Problem statement: Starting at the line with "- MATRIX1 pad 7: N-0000025" and going on through the line with "- net class Default: clearance", reproduce each line in the records below exactly and nothing more.

Records for this task:
+--
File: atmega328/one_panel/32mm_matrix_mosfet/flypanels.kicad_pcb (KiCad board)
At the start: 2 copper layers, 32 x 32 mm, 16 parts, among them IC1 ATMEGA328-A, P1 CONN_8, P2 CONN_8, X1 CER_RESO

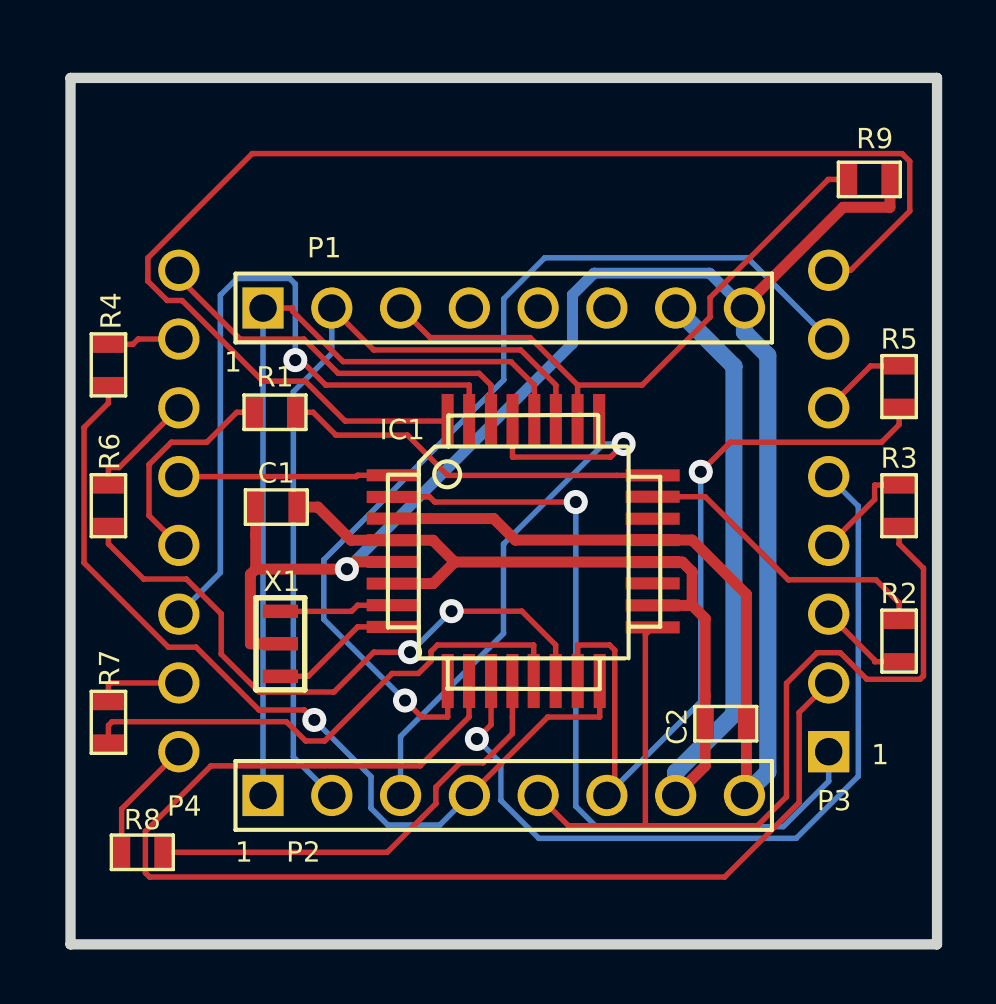
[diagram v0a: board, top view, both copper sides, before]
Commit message: Added version of single matrix atmega328 design with mosfets.
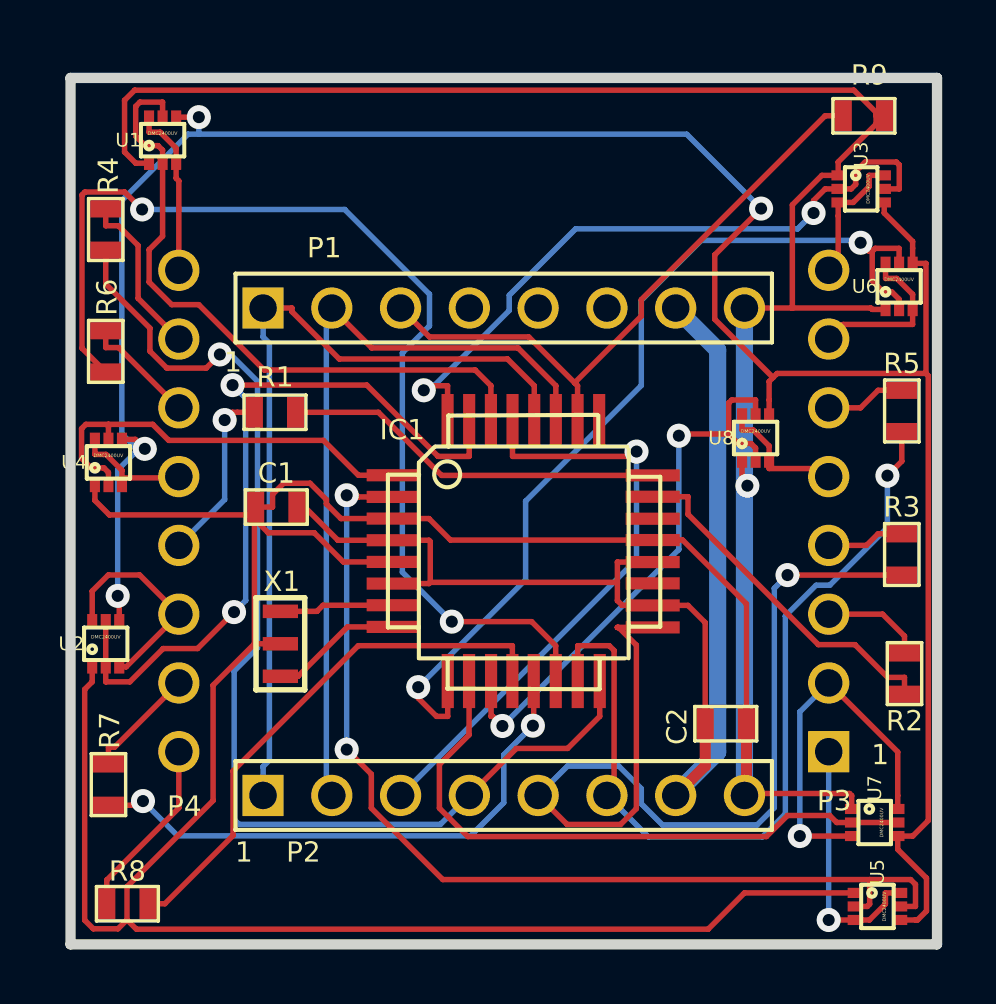
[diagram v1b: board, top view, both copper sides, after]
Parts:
- added U1: DMC2400UV, DMC2400UV, F.Cu at (103.4, 70.3)
- added U2: DMC2400UV, DMC2400UV, F.Cu at (101.3, 88.9)
- added U3: DMC2400UV, DMC2400UV, F.Cu at (129.2, 72.1)
- added U4: DMC2400UV, DMC2400UV, F.Cu at (101.4, 82.2)
- added U5: DMC2400UV, DMC2400UV, F.Cu at (129.8, 98.6)
- added U6: DMC2400UV, DMC2400UV, F.Cu at (130.6, 75.7)
- added U7: DMC2400UV, DMC2400UV, F.Cu at (129.7, 95.5)
- added U8: DMC2400UV, DMC2400UV, F.Cu at (125.3, 81.3)
- moved R6 5.70 mm to (101.3, 78.1)
- moved R4 5.00 mm to (101.3, 73.6)
- moved R9 2.36 mm to (129.3, 69.4)
- moved R7 2.30 mm to (101.4, 94.1)
- moved R8 1.98 mm to (102.1, 98.5)
- moved R3 1.80 mm to (130.7, 85.6)
- moved R2 1.22 mm to (130.8, 90.0), turned to 270 degrees
- moved R5 0.91 mm to (130.7, 80.3)
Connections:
- IC1 pad 1: N-0000030 (its old number) -> /D3
- IC1 pad 10: N-0000021 (its old number) -> /D6
- IC1 pad 11: N-000003 -> /D7
- IC1 pad 19: N-0000027 (its old number) -> (no net)
- IC1 pad 2: N-0000020 (its old number) -> /D4
- IC1 pad 22: N-0000026 (its old number) -> (no net)
- IC1 pad 25: N-0000012 -> (no net)
- IC1 pad 30: N-0000013 -> /D0
- IC1 pad 31: N-000002 -> /D1
- IC1 pad 32: N-0000019 (its old number) -> /D2
- IC1 pad 9: N-0000025 (its old number) -> /D5
- MATRIX1 pad 1: N-0000020 (its old number) -> /CAT4
- MATRIX1 pad 12: N-0000030 (its old number) -> /CAT5
- MATRIX1 pad 14: N-000002 -> /CAT7
- MATRIX1 pad 2: N-0000021 (its old number) -> /CAT2
- MATRIX1 pad 5: N-000003 -> /CAT1
- MATRIX1 pad 7: N-0000025 (its old number) -> /CAT3
- MATRIX1 pad 8: N-0000019 (its old number) -> /CAT6
- MATRIX1 pad 9: N-0000013 -> /CAT8
- P1 pad 4: N-0000033 (its old number) -> (no net)
- P1 pad 5: N-0000032 (its old number) -> (no net)
- P1 pad 6: N-0000031 (its old number) -> (no net)
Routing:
- net +5V: track 0.00 -> 89.0 mm, vias 0 -> 4
- net GND: track 80.6 -> 168.5 mm
- net N-0000019 (its old number): track 49.7 -> 0.00 mm
- net N-0000021 (its old number): track 46.8 -> 0.00 mm
- net /D4: track 0.00 -> 37.8 mm, vias 0 -> 2
- net N-0000025 (its old number): track 35.9 -> 0.00 mm, vias 1 -> 0
- net /D5: track 0.00 -> 34.7 mm, vias 0 -> 2
- net N-000003: track 31.2 -> 0.00 mm, vias 1 -> 0
- net N-0000020 (its old number): track 29.5 -> 0.00 mm, vias 1 -> 0
- net /D1: track 0.00 -> 28.0 mm, vias 0 -> 2
- net N-000002: track 26.5 -> 0.00 mm, vias 1 -> 0
- net /D2: track 0.00 -> 25.7 mm, vias 0 -> 2
- net /D0: track 0.00 -> 24.5 mm
- net /D6: track 0.00 -> 22.9 mm
- net /D7: track 0.00 -> 21.6 mm, vias 0 -> 2
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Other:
- net class Default: clearance 0.2286 -> 0.2032
- net class VCC: clearance 0.254 -> 0.2032; trace_width 0.4064 -> 0.2032
- rule trace_clearance: 0.2286 -> 0.2032

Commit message: Added gerber files file flypanels 32mm matrix atmega328 w/ MOSFET.
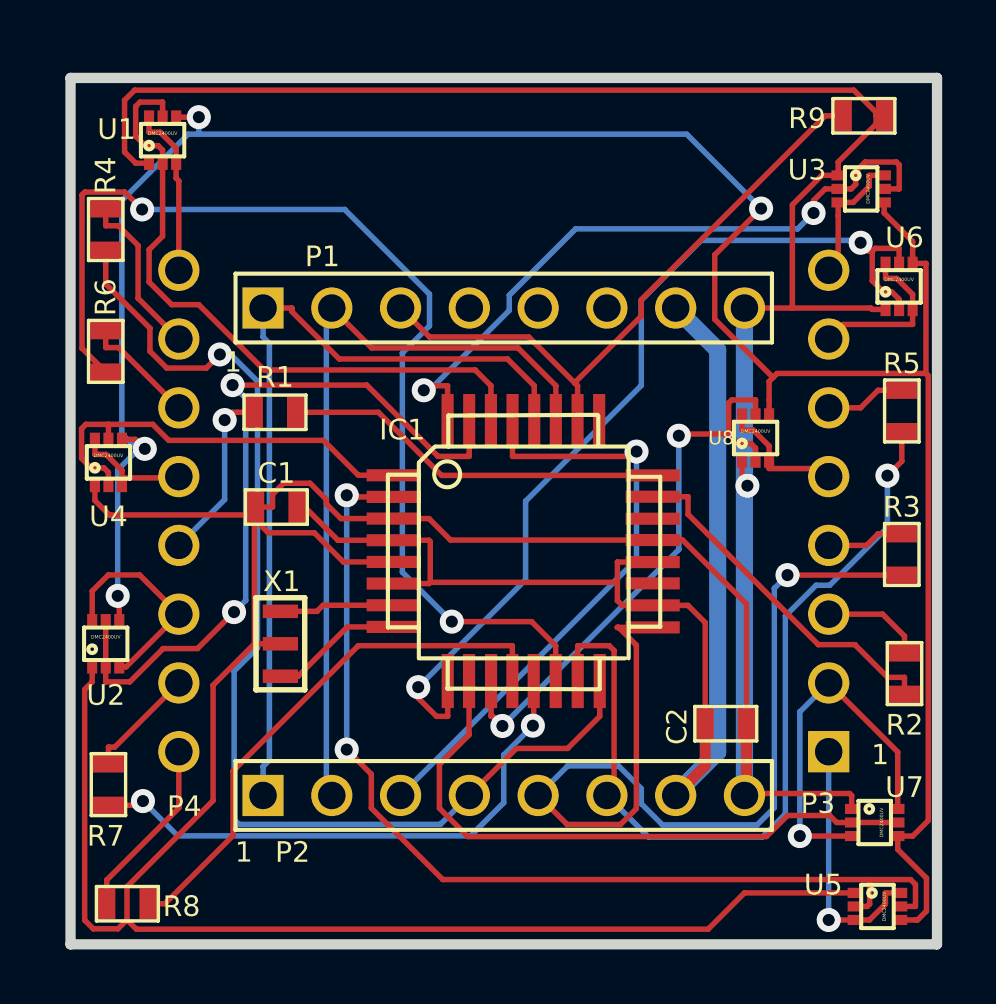
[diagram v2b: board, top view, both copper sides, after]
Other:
- board text added: "BOT"
- board text added: "Flypanel v3.0 R1 www.iorodeo.com"
- board text removed: "Flypanel v2.0 www.iorodeo.com"
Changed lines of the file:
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@@
     (links 90)
     (no_connects 0)
-    (area 99.211556 67.24608 132.354061 100.352861)
+    (area 99.643939 67.642739 132.354061 100.352861)
     (thickness 1.6002)
-    (drawings 11)
+    (drawings 12)
     (tracks 503)
     (zones 0)
@@
     (pcb_text_size 1.524 2.032)
     (mod_edge_width 0.2032)
-    (mod_text_size 1.524 1.524)
+    (mod_text_size 0.762 0.762)
     (mod_text_width 0.1524)
     (pad_size 0.375 0.5)
@@
       (drillshape 0)
       (scaleselection 1)
-      (outputdirectory gerber_v2p0_oshpark/))
+      (outputdirectory gerber_v3.0r1/))
   )
   (net 0 "")
@@
     (at 129.3 69.4)
     (attr smd)
-    (fp_text reference R9 (at 0.20066 -1.50114) (layer F.SilkS)
-      (effects (font (size 0.7493 0.7493) (thickness 0.14986)))
+    (fp_text reference R9 (at -2.1 0.1) (layer F.SilkS)
+      (effects (font (size 0.762 0.762) (thickness 0.1524)))
     )
     (fp_text value 10K (at 0 0) (layer F.SilkS) hide
@@
     (at 102.1 98.5)
     (attr smd)
-    (fp_text reference R8 (at 0 -1.2) (layer F.SilkS)
-      (effects (font (size 0.7493 0.7493) (thickness 0.14986)))
+    (fp_text reference R8 (at 2 0.1) (layer F.SilkS)
+      (effects (font (size 0.762 0.762) (thickness 0.1524)))
     )
     (fp_text value 150 (at 0 0) (layer F.SilkS) hide
@@
     (at 101.4 94.1 270)
     (attr smd)
-    (fp_text reference R7 (at -2 -0.05 270) (layer F.SilkS)
-      (effects (font (size 0.7493 0.7493) (thickness 0.14986)))
+    (fp_text reference R7 (at 1.9 0.1 360) (layer F.SilkS)
+      (effects (font (size 0.762 0.762) (thickness 0.1524)))
     )
     (fp_text value 150 (at 0 0 270) (layer F.SilkS) hide
@@
     (at 101.3 78.1 270)
     (attr smd)
-    (fp_text reference R6 (at -2 -0.05 270) (layer F.SilkS)
-      (effects (font (size 0.7493 0.7493) (thickness 0.14986)))
+    (fp_text reference R6 (at -2 0 270) (layer F.SilkS)
+      (effects (font (size 0.762 0.762) (thickness 0.1524)))
     )
     (fp_text value 150 (at 0 0 270) (layer F.SilkS) hide
@@
     (attr smd)
     (fp_text reference R5 (at -1.75 0 360) (layer F.SilkS)
-      (effects (font (size 0.7493 0.7493) (thickness 0.14986)))
+      (effects (font (size 0.762 0.762) (thickness 0.1524)))
     )
     (fp_text value 150 (at 0 0 270) (layer F.SilkS) hide
@@
     (at 101.3 73.6 270)
     (attr smd)
-    (fp_text reference R4 (at -2 -0.1 270) (layer F.SilkS)
-      (effects (font (size 0.7493 0.7493) (thickness 0.14986)))
+    (fp_text reference R4 (at -2 0 270) (layer F.SilkS)
+      (effects (font (size 0.762 0.762) (thickness 0.1524)))
     )
     (fp_text value 150 (at 0 0 270) (layer F.SilkS) hide
@@
     (attr smd)
     (fp_text reference R3 (at -1.75 0 360) (layer F.SilkS)
-      (effects (font (size 0.7493 0.7493) (thickness 0.14986)))
+      (effects (font (size 0.762 0.762) (thickness 0.1524)))
     )
     (fp_text value 150 (at 0 0 270) (layer F.SilkS) hide
@@
     (at 130.8 90 270)
     (attr smd)
-    (fp_text reference R2 (at 1.75 0 360) (layer F.SilkS)
-      (effects (font (size 0.7493 0.7493) (thickness 0.14986)))
+    (fp_text reference R2 (at 1.9 0 360) (layer F.SilkS)
+      (effects (font (size 0.762 0.762) (thickness 0.1524)))
     )
     (fp_text value 150 (at 0 0 270) (layer F.SilkS) hide
@@
     (attr smd)
     (fp_text reference R1 (at 0 -1.3) (layer F.SilkS)
-      (effects (font (size 0.7493 0.7493) (thickness 0.14986)))
+      (effects (font (size 0.762 0.762) (thickness 0.1524)))
     )
     (fp_text value 150 (at 0 0) (layer F.SilkS) hide
@@
     (at 116.75 85.5)
     (fp_text reference IC1 (at -4.50088 -4.50088) (layer F.SilkS)
-      (effects (font (size 0.7493 0.7493) (thickness 0.14986)))
+      (effects (font (size 0.762 0.762) (thickness 0.1524)))
     )
     (fp_text value ATMEGA328-A (at -0.39878 7.0993) (layer F.SilkS) hide
@@
     (attr smd)
     (fp_text reference C1 (at 0 1.25 180) (layer F.SilkS)
-      (effects (font (size 0.7493 0.7493) (thickness 0.14986)))
+      (effects (font (size 0.762 0.762) (thickness 0.1524)))
     )
     (fp_text value 0.1uF (at 0 0 180) (layer F.SilkS) hide
@@
     (descr "Pin connector 8x1")
     (tags CONN)
-    (fp_text reference P1 (at -6.6294 -2.21996) (layer F.SilkS)
-      (effects (font (size 0.7493 0.7493) (thickness 0.14986)))
+    (fp_text reference P1 (at -6.699 -1.8997) (layer F.SilkS)
+      (effects (font (size 0.762 0.762) (thickness 0.1524)))
     )
     (fp_text value CONN_8 (at 0 3.302) (layer F.SilkS) hide
@@
     (descr "Pin connector 8x1")
     (tags CONN)
-    (fp_text reference P2 (at -7.39902 2.09804) (layer F.SilkS)
-      (effects (font (size 0.7493 0.7493) (thickness 0.14986)))
+    (fp_text reference P2 (at -7.799 2.0993) (layer F.SilkS)
+      (effects (font (size 0.762 0.762) (thickness 0.1524)))
     )
     (fp_text value CONN_8 (at 0 3.302) (layer F.SilkS) hide
@@
     (tags "Resonator, Ceramic")
     (fp_text reference X1 (at -2.3 -0.05 360) (layer F.SilkS)
-      (effects (font (size 0.7493 0.7493) (thickness 0.14986)))
+      (effects (font (size 0.762 0.762) (thickness 0.1524)))
     )
     (fp_text value CER_RESO (at 0.8001 2.4003 270) (layer F.SilkS) hide
@@
   (module DMC2400UV (layer Front)
     (at 103.4 70.3)
-    (fp_text reference U1 (at -1.27 0) (layer F.SilkS)
-      (effects (font (size 0.508 0.508) (thickness 0.1016)))
+    (fp_text reference U1 (at -1.7 -0.4) (layer F.SilkS)
+      (effects (font (size 0.762 0.762) (thickness 0.1524)))
     )
     (fp_text value DMC2400UV (at 0 -0.254) (layer F.SilkS)
@@
   (module DMC2400UV (layer Front)
     (at 101.3 88.9)
-    (fp_text reference U2 (at -1.27 0) (layer F.SilkS)
-      (effects (font (size 0.508 0.508) (thickness 0.1016)))
+    (fp_text reference U2 (at 0 1.9) (layer F.SilkS)
+      (effects (font (size 0.762 0.762) (thickness 0.1524)))
     )
     (fp_text value DMC2400UV (at 0 -0.254) (layer F.SilkS)
@@
   (module DMC2400UV (layer Front)
     (at 129.2 72.1 270)
-    (fp_text reference U3 (at -1.27 0 270) (layer F.SilkS)
-      (effects (font (size 0.508 0.508) (thickness 0.1016)))
+    (fp_text reference U3 (at -0.7 2 360) (layer F.SilkS)
+      (effects (font (size 0.762 0.762) (thickness 0.1524)))
     )
     (fp_text value DMC2400UV (at 0 -0.254 270) (layer F.SilkS)
@@
   (module DMC2400UV (layer Front)
     (at 101.4 82.2)
-    (fp_text reference U4 (at -1.27 0) (layer F.SilkS)
-      (effects (font (size 0.508 0.508) (thickness 0.1016)))
+    (fp_text reference U4 (at 0 2) (layer F.SilkS)
+      (effects (font (size 0.762 0.762) (thickness 0.1524)))
     )
     (fp_text value DMC2400UV (at 0 -0.254) (layer F.SilkS)
@@
   (module DMC2400UV (layer Front)
     (at 129.8 98.6 270)
-    (fp_text reference U5 (at -1.27 0 270) (layer F.SilkS)
-      (effects (font (size 0.508 0.508) (thickness 0.1016)))
+    (fp_text reference U5 (at -0.8 2 360) (layer F.SilkS)
+      (effects (font (size 0.762 0.762) (thickness 0.1524)))
     )
     (fp_text value DMC2400UV (at 0 -0.254 270) (layer F.SilkS)
@@
   (module DMC2400UV (layer Front)
     (at 130.6 75.7)
-    (fp_text reference U6 (at -1.27 0) (layer F.SilkS)
-      (effects (font (size 0.508 0.508) (thickness 0.1016)))
+    (fp_text reference U6 (at 0.2 -1.8) (layer F.SilkS)
+      (effects (font (size 0.762 0.762) (thickness 0.1524)))
     )
     (fp_text value DMC2400UV (at 0 -0.254) (layer F.SilkS)
@@
   (module DMC2400UV (layer Front)
     (at 129.7 95.5 270)
-    (fp_text reference U7 (at -1.27 0 270) (layer F.SilkS)
-      (effects (font (size 0.508 0.508) (thickness 0.1016)))
+    (fp_text reference U7 (at -1.3 -1.1 360) (layer F.SilkS)
+      (effects (font (size 0.762 0.762) (thickness 0.1524)))
     )
     (fp_text value DMC2400UV (at 0 -0.254 270) (layer F.SilkS)
@@
     )
   )
-  (gr_text P3 (at 128.20142 94.70136) (layer F.SilkS)
+  (gr_text BOT (at 129.8 99.1) (layer B.SilkS)
+    (effects (font (size 1.016 1.016) (thickness 0.2032)) (justify mirror))
+  )
+  (gr_text P3 (at 127.6 94.8) (layer F.SilkS)
     (effects (font (size 0.7493 0.7493) (thickness 0.14986)))
   )
@@
   (gr_line (start 99.9998 68.00088) (end 132.00126 68.00088) (angle 90) (layer Edge.Cuts) (width 0.381))
   (gr_line (start 99.9998 99.9998) (end 99.9998 68.00088) (angle 90) (layer Edge.Cuts) (width 0.381))
-  (gr_text "Flypanel v2.0\nwww.iorodeo.com" (at 116.8 69.8) (layer B.SilkS)
+  (gr_text "Flypanel v3.0 R1\nwww.iorodeo.com" (at 116.8 69.8) (layer B.SilkS)
     (effects (font (size 1.00076 1.00076) (thickness 0.20066)) (justify mirror))
   )

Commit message: Added gerber files for 2nd revision of one matrix atmeg328.
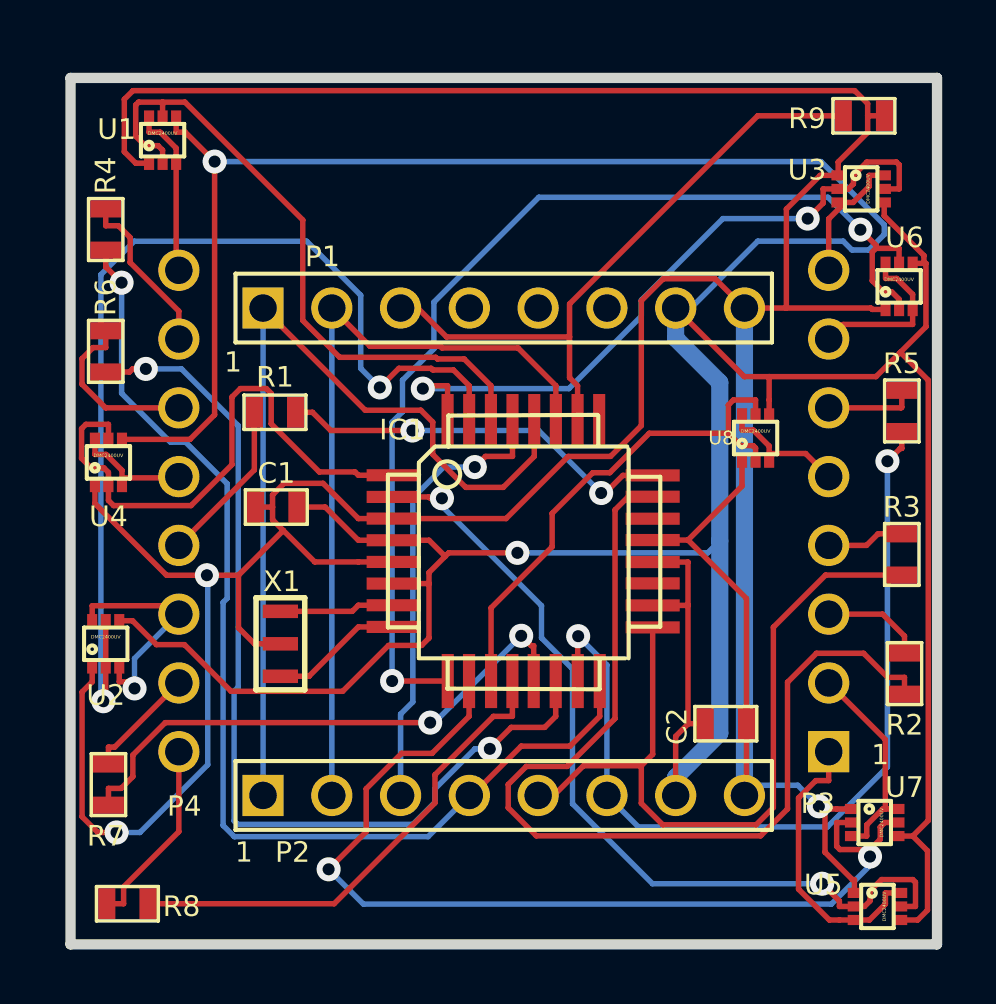
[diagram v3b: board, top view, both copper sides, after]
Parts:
- R1, R2, R3, R4, R5, R6, R7, R8: value 150 -> 160
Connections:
- C1 pad 1: VCC -> +5V
- C2 pad 1: VCC -> +5V
- IC1 pad 18: VCC -> +5V
- IC1 pad 20: VCC -> +5V
- IC1 pad 4: VCC -> +5V
- IC1 pad 6: VCC -> +5V
- P1 pad 7: VCC -> +5V
- P2 pad 7: VCC -> +5V
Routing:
- net +5V: track 89.0 -> 158.2 mm, vias 4 -> 2
- net VCC: track 47.7 -> 0.00 mm
- net N-0000031: track 13.1 -> 36.7 mm
- net GND: track 168.5 -> 150.6 mm, vias 1 -> 3
- net /D6: track 22.9 -> 35.9 mm, vias 0 -> 2
- net /D1: track 28.0 -> 38.6 mm
- net N-0000019: track 36.3 -> 28.6 mm, vias 1 -> 0
- net /D4: track 37.8 -> 31.6 mm
- net /CAT2: track 13.7 -> 7.88 mm, vias 1 -> 0
- net N-0000024: track 22.3 -> 16.8 mm
- net /D3: track 15.7 -> 20.8 mm
- net /D5: track 34.7 -> 39.8 mm
- net N-0000030: track 40.1 -> 35.6 mm
- net N-0000025: track 30.8 -> 33.2 mm
- net /D7: track 21.6 -> 19.3 mm, vias 2 -> 0
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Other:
- board text added: "Flypanel v3.0 R2 www.iorodeo.com"
- board text removed: "Flypanel v3.0 R1 www.iorodeo.com"
+--
Output for this task:
- MATRIX1 pad 7: N-0000025 (its old number) -> /CAT3
- MATRIX1 pad 8: N-0000019 (its old number) -> /CAT6
- MATRIX1 pad 9: N-0000013 -> /CAT8
- P1 pad 4: N-0000033 (its old number) -> (no net)
- P1 pad 5: N-0000032 (its old number) -> (no net)
- P1 pad 6: N-0000031 (its old number) -> (no net)
Routing:
- net +5V: track 0.00 -> 89.0 mm, vias 0 -> 4
- net GND: track 80.6 -> 168.5 mm
- net N-0000019 (its old number): track 49.7 -> 0.00 mm
- net N-0000021 (its old number): track 46.8 -> 0.00 mm
- net /D4: track 0.00 -> 37.8 mm, vias 0 -> 2
- net N-0000025 (its old number): track 35.9 -> 0.00 mm, vias 1 -> 0
- net /D5: track 0.00 -> 34.7 mm, vias 0 -> 2
- net N-000003: track 31.2 -> 0.00 mm, vias 1 -> 0
- net N-0000020 (its old number): track 29.5 -> 0.00 mm, vias 1 -> 0
- net /D1: track 0.00 -> 28.0 mm, vias 0 -> 2
- net N-000002: track 26.5 -> 0.00 mm, vias 1 -> 0
- net /D2: track 0.00 -> 25.7 mm, vias 0 -> 2
- net /D0: track 0.00 -> 24.5 mm
- net /D6: track 0.00 -> 22.9 mm
- net /D7: track 0.00 -> 21.6 mm, vias 0 -> 2
Other:
- net class Default: clearance 0.2286 -> 0.2032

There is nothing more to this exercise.